En ese mismo piso una cincuentena de hombres forman una fila a pasos de la escalera que los conducirá a la puerta de salida, pero la fila no termina de ordenarse porque cada uno de ellos se mueve en una dirección distinta para hacerse de algún retazo blanco.

El doctor tiene una idea: pueden utilizar los delantales blancos, pueden tomar los delantales blancos de los médicos y rasgarlos y repartirse pedazos de trapos blancos.

Y después salir.

Pero todavía no, todavía deben esperar, todavía con la mano que les queda libre es mejor que revisen sus bolsillos, que corroboren que no se les queda alguna munición, alguna moneda, algún indicio. Mientras tanto el doctor recorre la hilera dándole un abrazo a cada uno de esos hombres. “Gracias compañero”, les dice.

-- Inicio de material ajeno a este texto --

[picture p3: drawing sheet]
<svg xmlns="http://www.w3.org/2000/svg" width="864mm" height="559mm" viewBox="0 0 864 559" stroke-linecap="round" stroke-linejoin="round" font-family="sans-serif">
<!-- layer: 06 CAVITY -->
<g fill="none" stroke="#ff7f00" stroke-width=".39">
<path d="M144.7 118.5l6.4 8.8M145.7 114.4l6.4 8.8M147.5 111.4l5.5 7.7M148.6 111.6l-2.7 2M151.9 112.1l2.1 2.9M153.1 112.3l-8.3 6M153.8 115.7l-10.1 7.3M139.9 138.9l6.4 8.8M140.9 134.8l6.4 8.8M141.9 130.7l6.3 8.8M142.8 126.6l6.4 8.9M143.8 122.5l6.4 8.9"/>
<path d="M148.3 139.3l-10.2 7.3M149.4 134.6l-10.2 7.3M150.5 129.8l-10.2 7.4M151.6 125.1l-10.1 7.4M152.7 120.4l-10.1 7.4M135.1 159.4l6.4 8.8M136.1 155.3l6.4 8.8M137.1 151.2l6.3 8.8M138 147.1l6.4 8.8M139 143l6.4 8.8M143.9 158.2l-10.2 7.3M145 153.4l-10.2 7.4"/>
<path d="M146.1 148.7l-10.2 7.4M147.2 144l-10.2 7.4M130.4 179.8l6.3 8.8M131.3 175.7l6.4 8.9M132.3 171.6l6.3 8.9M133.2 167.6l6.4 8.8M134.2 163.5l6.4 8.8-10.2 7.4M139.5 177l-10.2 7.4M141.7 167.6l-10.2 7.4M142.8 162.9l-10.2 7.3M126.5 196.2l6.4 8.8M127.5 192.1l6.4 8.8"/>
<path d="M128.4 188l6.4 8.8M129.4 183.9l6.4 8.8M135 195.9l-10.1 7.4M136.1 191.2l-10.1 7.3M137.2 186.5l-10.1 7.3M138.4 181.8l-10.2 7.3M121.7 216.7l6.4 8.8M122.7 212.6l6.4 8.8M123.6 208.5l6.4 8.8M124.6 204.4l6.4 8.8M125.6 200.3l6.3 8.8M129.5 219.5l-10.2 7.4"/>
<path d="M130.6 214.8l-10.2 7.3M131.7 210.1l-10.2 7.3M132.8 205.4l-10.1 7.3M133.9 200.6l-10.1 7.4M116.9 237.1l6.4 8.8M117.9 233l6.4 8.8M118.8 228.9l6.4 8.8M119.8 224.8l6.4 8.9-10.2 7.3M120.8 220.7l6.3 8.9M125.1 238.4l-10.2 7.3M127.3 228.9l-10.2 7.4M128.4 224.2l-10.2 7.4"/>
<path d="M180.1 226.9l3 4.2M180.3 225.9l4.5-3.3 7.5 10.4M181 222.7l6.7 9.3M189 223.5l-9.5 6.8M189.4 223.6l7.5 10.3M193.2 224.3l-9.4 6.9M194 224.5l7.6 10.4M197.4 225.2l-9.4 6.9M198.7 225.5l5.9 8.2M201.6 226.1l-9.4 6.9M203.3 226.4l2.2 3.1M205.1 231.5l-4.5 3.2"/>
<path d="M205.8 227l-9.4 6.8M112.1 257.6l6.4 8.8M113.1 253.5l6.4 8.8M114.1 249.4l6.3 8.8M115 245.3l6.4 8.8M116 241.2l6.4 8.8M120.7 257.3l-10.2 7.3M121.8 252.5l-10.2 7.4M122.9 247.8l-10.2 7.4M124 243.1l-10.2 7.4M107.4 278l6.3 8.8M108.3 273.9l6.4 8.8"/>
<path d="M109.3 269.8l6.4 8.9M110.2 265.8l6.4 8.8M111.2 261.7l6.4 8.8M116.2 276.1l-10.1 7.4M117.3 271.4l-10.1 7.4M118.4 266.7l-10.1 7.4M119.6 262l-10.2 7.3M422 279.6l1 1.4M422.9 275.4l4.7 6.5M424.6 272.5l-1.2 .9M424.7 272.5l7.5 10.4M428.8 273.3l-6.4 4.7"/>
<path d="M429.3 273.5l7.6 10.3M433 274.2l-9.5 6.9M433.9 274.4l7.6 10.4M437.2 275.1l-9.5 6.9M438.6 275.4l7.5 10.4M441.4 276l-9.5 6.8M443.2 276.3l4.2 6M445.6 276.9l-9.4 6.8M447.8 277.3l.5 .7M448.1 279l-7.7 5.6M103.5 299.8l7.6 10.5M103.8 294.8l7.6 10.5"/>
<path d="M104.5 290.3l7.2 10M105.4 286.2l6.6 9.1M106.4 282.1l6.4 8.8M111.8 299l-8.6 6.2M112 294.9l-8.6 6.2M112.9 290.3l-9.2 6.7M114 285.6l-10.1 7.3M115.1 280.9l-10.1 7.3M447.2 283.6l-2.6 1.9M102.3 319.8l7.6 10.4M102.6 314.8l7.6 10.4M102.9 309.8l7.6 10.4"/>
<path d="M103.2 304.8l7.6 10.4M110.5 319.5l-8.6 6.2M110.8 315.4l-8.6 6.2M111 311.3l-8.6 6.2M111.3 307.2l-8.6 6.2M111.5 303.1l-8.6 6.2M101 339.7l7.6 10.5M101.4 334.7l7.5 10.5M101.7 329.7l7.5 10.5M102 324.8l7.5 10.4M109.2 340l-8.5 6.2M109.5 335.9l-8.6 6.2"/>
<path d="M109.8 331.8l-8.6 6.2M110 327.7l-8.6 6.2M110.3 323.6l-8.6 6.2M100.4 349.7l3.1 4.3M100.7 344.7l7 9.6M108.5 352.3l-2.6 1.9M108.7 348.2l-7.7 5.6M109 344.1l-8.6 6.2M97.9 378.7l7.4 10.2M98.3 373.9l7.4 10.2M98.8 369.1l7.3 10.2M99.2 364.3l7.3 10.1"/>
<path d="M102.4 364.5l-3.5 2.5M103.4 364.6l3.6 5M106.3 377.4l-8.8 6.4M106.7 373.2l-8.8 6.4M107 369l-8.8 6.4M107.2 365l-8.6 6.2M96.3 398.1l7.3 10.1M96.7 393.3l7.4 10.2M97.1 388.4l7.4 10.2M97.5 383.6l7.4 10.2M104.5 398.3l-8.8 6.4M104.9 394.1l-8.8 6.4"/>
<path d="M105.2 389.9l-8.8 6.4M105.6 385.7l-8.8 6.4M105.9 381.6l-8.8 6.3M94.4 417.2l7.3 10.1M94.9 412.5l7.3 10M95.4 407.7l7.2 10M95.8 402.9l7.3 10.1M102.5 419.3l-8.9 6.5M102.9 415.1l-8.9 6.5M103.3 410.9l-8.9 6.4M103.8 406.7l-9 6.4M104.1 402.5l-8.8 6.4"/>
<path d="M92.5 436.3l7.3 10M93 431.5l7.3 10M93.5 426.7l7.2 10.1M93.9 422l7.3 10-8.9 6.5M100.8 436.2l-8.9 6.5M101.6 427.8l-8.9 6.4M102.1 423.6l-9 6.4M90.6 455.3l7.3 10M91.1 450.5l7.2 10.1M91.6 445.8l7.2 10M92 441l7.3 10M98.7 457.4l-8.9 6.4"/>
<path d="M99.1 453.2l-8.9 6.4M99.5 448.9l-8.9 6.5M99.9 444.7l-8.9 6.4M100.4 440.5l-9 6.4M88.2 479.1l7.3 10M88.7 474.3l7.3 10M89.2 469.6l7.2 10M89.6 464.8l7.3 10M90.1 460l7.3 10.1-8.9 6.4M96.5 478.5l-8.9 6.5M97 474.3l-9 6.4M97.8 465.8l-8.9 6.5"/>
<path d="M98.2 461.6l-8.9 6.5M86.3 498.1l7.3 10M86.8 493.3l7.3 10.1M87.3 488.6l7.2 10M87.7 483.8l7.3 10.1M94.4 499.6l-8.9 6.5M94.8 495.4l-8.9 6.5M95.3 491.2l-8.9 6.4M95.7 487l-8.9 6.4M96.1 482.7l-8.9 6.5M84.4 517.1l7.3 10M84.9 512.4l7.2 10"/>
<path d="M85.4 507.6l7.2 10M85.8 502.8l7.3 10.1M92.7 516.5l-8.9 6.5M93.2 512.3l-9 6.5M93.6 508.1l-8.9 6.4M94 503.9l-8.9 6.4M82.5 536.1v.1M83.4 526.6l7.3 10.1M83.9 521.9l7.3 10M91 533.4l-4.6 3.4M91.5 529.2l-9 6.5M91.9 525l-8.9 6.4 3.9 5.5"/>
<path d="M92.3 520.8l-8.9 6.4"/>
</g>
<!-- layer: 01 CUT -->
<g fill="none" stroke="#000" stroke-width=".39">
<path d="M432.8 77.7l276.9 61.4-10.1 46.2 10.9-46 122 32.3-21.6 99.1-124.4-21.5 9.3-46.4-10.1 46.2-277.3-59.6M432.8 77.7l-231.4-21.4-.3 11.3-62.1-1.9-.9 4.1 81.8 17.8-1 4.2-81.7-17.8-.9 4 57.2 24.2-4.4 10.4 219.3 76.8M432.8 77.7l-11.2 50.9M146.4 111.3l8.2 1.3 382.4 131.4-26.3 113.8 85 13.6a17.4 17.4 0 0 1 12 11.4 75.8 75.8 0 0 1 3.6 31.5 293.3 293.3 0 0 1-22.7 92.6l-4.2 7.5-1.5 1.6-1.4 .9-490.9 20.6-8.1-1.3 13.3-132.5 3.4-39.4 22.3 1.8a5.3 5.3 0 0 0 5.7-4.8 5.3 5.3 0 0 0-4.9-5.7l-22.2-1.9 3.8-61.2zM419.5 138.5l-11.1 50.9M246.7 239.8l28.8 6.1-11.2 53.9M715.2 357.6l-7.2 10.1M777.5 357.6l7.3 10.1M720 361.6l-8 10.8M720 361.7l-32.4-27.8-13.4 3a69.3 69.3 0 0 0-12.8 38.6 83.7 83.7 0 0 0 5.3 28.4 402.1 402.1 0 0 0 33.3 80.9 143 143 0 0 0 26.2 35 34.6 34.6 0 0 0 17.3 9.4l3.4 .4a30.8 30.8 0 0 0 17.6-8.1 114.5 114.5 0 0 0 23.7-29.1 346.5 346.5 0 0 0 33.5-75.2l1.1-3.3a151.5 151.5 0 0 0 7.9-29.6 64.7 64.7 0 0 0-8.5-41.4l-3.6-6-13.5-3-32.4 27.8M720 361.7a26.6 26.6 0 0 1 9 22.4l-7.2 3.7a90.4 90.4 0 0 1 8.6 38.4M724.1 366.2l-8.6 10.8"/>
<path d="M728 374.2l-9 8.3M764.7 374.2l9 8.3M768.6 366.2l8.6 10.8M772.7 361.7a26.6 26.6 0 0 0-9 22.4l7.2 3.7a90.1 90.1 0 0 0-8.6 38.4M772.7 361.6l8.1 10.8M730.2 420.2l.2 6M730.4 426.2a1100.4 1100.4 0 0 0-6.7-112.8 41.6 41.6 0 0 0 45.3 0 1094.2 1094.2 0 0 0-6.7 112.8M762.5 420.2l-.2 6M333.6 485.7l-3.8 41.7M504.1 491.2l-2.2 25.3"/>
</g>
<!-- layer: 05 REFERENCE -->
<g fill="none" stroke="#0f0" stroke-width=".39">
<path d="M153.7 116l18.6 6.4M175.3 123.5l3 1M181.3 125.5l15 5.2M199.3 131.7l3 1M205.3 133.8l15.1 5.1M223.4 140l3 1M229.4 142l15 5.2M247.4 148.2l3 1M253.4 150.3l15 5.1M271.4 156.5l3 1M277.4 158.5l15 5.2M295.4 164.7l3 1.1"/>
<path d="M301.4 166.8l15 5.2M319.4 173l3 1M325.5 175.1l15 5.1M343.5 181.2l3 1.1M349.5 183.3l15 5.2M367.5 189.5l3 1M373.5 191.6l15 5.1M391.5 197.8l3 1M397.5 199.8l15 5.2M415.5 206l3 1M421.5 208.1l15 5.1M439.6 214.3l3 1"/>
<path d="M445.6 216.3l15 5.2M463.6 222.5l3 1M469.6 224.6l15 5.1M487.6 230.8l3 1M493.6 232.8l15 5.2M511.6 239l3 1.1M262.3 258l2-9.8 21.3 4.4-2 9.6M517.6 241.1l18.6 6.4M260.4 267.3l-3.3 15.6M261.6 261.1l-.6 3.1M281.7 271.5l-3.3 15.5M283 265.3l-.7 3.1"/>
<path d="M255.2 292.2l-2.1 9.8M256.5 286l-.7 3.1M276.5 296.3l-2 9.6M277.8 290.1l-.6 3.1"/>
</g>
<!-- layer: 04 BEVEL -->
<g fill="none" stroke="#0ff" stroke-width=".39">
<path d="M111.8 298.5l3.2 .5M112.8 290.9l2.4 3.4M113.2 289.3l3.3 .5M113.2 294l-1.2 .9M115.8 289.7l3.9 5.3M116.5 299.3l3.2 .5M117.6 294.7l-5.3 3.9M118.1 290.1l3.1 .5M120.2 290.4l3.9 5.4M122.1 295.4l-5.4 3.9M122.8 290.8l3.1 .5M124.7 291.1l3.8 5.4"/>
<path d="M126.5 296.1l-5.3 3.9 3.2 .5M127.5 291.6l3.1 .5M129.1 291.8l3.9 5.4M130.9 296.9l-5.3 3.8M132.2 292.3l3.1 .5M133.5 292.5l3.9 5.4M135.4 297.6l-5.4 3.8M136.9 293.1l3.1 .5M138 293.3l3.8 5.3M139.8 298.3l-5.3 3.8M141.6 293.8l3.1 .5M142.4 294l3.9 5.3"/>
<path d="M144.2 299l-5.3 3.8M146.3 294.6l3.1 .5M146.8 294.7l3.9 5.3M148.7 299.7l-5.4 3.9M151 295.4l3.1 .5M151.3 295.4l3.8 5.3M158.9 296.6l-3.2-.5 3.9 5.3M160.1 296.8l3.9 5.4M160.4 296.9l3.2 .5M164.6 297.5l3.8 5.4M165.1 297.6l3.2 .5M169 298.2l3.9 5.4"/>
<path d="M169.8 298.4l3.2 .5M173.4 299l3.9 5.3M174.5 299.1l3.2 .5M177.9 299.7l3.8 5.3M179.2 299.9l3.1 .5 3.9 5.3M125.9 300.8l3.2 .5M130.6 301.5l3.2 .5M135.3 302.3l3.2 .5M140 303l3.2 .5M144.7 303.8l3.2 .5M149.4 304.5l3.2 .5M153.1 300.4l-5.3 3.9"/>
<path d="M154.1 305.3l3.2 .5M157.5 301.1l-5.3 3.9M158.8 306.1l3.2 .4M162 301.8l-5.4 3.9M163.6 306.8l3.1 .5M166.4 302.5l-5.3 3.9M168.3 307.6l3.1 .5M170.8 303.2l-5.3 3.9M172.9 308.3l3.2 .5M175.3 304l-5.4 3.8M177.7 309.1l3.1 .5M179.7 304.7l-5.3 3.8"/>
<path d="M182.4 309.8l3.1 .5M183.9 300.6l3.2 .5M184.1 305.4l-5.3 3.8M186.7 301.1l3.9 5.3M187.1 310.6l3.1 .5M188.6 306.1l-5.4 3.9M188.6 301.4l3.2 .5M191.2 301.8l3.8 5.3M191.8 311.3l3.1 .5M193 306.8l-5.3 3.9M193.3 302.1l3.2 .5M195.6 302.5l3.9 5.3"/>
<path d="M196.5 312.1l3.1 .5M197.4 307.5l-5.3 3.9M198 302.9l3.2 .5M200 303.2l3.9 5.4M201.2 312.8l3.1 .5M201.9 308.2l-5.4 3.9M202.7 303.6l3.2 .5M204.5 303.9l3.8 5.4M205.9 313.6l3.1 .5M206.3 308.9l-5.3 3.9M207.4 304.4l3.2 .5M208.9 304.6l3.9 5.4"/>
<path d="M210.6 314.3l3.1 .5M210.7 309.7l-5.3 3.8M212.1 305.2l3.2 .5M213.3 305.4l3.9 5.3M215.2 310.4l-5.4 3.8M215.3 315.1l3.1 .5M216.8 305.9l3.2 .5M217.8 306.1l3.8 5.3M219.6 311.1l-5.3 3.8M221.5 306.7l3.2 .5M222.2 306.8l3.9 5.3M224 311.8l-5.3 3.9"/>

Después dice que él se ubicará al final de la fila, que saldrá último, pero cuando ha llegado al final tiene una duda.

La duda: mira la nave que ha estado contemplando hasta ahora, esa nave de polvo que ha adoptado la rara forma del fuego y simplemente camina hacia ella.

El disparo nadie lo escucha con precisión o se escucha con la precisión propia de una gota más en medio de la lluvia. Se escucha con la precisión suficiente como para que en la fila se suscite un mínimo desorden, un desorden contenido, casi imperceptible, similar al que se produce en un palenque cuando los caballos atados se agitan presintiendo la inmediatez de la desgracia.

Si la tristeza es muy grande y no tiene ninguna palabra que se le ajuste, cualquier hombre puede tirar del carro como si fuese una bestia, con su cabeza inmersa en un merodeo de moscas. Así tiran ahora todos esos hombres en dirección a la calle.

El doctor se queda adentro, no sale, se consulta y lo decide, decide que ha cerrado su consulta.